[[ Data supplied, beginning ]]

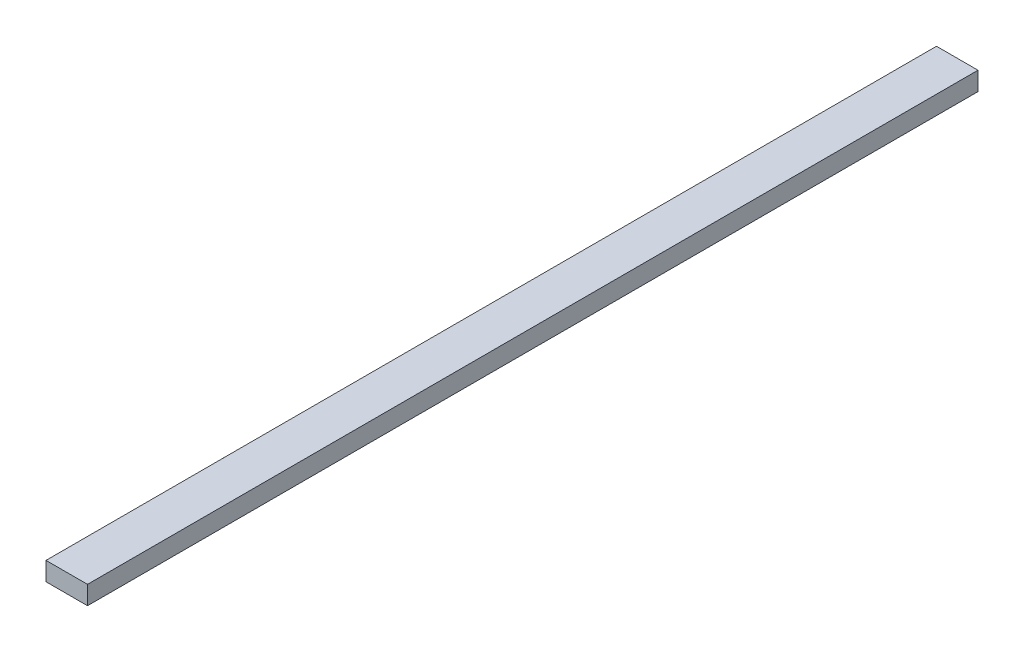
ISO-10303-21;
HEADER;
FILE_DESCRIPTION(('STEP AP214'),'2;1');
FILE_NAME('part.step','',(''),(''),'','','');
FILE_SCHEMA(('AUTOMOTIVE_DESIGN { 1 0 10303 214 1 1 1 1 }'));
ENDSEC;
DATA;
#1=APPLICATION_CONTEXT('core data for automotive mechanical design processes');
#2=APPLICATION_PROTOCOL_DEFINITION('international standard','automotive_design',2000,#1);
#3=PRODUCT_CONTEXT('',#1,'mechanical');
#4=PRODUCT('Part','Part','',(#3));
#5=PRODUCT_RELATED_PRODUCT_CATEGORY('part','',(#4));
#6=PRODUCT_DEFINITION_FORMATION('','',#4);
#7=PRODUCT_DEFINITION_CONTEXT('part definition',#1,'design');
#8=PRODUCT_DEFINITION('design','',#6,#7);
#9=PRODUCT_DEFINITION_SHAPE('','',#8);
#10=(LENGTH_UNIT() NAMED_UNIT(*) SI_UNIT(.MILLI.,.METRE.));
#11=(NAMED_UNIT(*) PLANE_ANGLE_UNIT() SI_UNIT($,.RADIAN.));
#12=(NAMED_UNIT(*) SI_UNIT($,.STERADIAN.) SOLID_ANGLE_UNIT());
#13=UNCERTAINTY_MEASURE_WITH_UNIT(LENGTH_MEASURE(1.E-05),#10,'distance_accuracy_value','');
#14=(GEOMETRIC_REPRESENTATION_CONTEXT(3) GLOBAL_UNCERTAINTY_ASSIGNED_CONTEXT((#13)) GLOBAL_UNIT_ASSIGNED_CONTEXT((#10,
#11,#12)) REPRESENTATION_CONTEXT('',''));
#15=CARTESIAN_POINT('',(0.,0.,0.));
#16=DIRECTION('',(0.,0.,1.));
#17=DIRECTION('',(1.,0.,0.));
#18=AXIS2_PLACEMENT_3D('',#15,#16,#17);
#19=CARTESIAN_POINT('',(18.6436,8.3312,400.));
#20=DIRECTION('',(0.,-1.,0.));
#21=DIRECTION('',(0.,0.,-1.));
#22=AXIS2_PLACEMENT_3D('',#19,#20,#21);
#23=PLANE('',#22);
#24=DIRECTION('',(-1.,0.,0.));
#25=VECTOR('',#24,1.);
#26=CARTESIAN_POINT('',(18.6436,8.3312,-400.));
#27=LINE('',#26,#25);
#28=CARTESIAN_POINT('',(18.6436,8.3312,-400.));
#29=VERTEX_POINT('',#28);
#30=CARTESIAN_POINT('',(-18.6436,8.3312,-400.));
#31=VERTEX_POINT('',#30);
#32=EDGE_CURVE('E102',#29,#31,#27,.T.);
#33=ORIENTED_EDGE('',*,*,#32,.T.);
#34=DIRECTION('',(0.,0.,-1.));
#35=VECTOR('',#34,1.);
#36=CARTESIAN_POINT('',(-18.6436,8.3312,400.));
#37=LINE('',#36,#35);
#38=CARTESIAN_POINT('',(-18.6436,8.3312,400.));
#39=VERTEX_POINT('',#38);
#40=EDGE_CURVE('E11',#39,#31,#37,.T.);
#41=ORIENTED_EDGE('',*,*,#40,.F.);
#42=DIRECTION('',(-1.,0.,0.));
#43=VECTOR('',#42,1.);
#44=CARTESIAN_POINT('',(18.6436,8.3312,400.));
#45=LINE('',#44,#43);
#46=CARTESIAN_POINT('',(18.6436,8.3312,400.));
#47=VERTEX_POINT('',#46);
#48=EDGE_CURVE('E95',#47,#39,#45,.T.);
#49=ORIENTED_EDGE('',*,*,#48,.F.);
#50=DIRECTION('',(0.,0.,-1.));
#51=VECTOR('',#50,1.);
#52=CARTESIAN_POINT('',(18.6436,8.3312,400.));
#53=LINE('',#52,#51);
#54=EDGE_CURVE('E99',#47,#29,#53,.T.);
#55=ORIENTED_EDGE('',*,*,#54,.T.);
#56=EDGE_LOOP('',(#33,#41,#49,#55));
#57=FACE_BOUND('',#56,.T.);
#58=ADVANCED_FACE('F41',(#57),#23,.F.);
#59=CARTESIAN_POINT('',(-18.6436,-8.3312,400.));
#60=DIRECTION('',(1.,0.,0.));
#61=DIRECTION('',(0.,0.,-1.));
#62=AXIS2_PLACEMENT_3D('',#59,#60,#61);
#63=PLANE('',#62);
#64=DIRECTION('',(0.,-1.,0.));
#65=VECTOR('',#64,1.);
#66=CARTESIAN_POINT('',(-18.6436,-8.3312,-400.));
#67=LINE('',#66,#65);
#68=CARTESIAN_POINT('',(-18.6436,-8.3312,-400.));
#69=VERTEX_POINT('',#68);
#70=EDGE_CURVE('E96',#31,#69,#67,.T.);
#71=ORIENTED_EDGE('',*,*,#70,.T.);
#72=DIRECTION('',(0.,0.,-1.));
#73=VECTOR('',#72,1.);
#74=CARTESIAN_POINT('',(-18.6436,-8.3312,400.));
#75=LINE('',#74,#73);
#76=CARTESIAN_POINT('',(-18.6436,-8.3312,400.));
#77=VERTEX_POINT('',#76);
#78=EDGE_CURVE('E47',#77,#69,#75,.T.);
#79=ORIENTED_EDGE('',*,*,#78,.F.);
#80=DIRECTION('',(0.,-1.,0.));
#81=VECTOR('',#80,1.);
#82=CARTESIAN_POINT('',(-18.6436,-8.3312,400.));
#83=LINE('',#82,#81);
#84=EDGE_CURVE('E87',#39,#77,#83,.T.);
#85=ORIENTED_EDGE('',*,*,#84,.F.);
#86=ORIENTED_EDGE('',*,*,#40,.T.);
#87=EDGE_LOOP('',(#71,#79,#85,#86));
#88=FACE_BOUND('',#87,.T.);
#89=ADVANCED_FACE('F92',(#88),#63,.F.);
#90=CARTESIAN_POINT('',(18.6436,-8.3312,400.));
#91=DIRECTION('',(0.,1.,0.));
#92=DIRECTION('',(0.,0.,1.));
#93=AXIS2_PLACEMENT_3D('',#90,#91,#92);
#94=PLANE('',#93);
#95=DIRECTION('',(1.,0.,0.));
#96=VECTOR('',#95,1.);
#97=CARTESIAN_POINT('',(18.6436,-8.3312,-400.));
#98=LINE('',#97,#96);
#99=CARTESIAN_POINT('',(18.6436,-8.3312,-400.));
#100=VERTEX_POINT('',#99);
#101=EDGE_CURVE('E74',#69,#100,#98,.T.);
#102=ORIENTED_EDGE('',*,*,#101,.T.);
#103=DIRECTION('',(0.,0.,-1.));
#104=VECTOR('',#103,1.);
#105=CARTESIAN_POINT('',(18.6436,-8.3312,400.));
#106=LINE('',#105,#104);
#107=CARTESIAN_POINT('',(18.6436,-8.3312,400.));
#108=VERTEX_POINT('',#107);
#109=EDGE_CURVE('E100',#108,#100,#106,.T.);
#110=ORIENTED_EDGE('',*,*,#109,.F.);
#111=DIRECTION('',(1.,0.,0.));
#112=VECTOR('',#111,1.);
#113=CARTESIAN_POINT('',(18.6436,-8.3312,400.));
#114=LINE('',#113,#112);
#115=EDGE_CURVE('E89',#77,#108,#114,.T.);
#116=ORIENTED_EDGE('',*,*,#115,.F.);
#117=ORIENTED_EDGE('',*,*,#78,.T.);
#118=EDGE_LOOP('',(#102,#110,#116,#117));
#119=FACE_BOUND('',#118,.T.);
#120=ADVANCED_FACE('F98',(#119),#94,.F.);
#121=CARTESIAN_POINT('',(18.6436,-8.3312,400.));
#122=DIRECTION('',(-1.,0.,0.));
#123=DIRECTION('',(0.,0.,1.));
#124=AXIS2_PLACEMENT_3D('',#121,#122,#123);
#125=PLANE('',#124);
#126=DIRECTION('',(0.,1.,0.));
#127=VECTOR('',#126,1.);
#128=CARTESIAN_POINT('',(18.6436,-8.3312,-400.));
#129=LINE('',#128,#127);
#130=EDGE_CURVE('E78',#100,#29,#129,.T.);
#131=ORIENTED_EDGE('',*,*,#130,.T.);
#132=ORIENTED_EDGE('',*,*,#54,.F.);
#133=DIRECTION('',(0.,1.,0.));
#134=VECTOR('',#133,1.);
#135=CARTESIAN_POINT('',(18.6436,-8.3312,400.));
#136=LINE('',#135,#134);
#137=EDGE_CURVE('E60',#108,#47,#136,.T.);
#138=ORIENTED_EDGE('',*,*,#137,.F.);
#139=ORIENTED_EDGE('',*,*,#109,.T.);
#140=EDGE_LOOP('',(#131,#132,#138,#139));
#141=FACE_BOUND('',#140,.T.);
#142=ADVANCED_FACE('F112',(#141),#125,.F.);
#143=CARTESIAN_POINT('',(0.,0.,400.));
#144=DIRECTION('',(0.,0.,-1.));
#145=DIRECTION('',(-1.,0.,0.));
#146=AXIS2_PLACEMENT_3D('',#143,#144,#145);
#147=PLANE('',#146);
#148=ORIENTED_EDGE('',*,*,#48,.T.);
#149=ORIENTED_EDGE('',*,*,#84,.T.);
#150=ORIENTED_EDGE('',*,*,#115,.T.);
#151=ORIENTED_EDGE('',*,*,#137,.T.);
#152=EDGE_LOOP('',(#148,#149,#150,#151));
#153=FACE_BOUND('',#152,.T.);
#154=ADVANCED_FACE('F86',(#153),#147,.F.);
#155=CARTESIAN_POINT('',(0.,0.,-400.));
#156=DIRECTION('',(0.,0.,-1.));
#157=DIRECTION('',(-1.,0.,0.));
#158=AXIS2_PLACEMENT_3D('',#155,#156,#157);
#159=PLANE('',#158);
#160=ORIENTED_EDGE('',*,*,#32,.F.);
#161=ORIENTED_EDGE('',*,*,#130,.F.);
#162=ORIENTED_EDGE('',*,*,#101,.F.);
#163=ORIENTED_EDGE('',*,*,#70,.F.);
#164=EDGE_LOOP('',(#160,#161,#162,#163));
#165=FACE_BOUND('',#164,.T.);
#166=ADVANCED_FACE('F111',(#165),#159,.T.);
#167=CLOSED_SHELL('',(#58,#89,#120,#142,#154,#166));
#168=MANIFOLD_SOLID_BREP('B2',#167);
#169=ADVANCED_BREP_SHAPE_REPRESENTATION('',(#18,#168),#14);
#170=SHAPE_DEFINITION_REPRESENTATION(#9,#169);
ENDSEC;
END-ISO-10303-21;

[[ Data supplied, end ]]

**What to do:** Among the records above, repeat exactly the line with "#107=CARTESIAN_POINT('',(18.6436,-8.3312,400.));", the line with "#122=DIRECTION('',(-1.,0.,0.));", and every line in between, and only those.

**Result below:**
#107=CARTESIAN_POINT('',(18.6436,-8.3312,400.));
#108=VERTEX_POINT('',#107);
#109=EDGE_CURVE('E100',#108,#100,#106,.T.);
#110=ORIENTED_EDGE('',*,*,#109,.F.);
#111=DIRECTION('',(1.,0.,0.));
#112=VECTOR('',#111,1.);
#113=CARTESIAN_POINT('',(18.6436,-8.3312,400.));
#114=LINE('',#113,#112);
#115=EDGE_CURVE('E89',#77,#108,#114,.T.);
#116=ORIENTED_EDGE('',*,*,#115,.F.);
#117=ORIENTED_EDGE('',*,*,#78,.T.);
#118=EDGE_LOOP('',(#102,#110,#116,#117));
#119=FACE_BOUND('',#118,.T.);
#120=ADVANCED_FACE('F98',(#119),#94,.F.);
#121=CARTESIAN_POINT('',(18.6436,-8.3312,400.));
#122=DIRECTION('',(-1.,0.,0.));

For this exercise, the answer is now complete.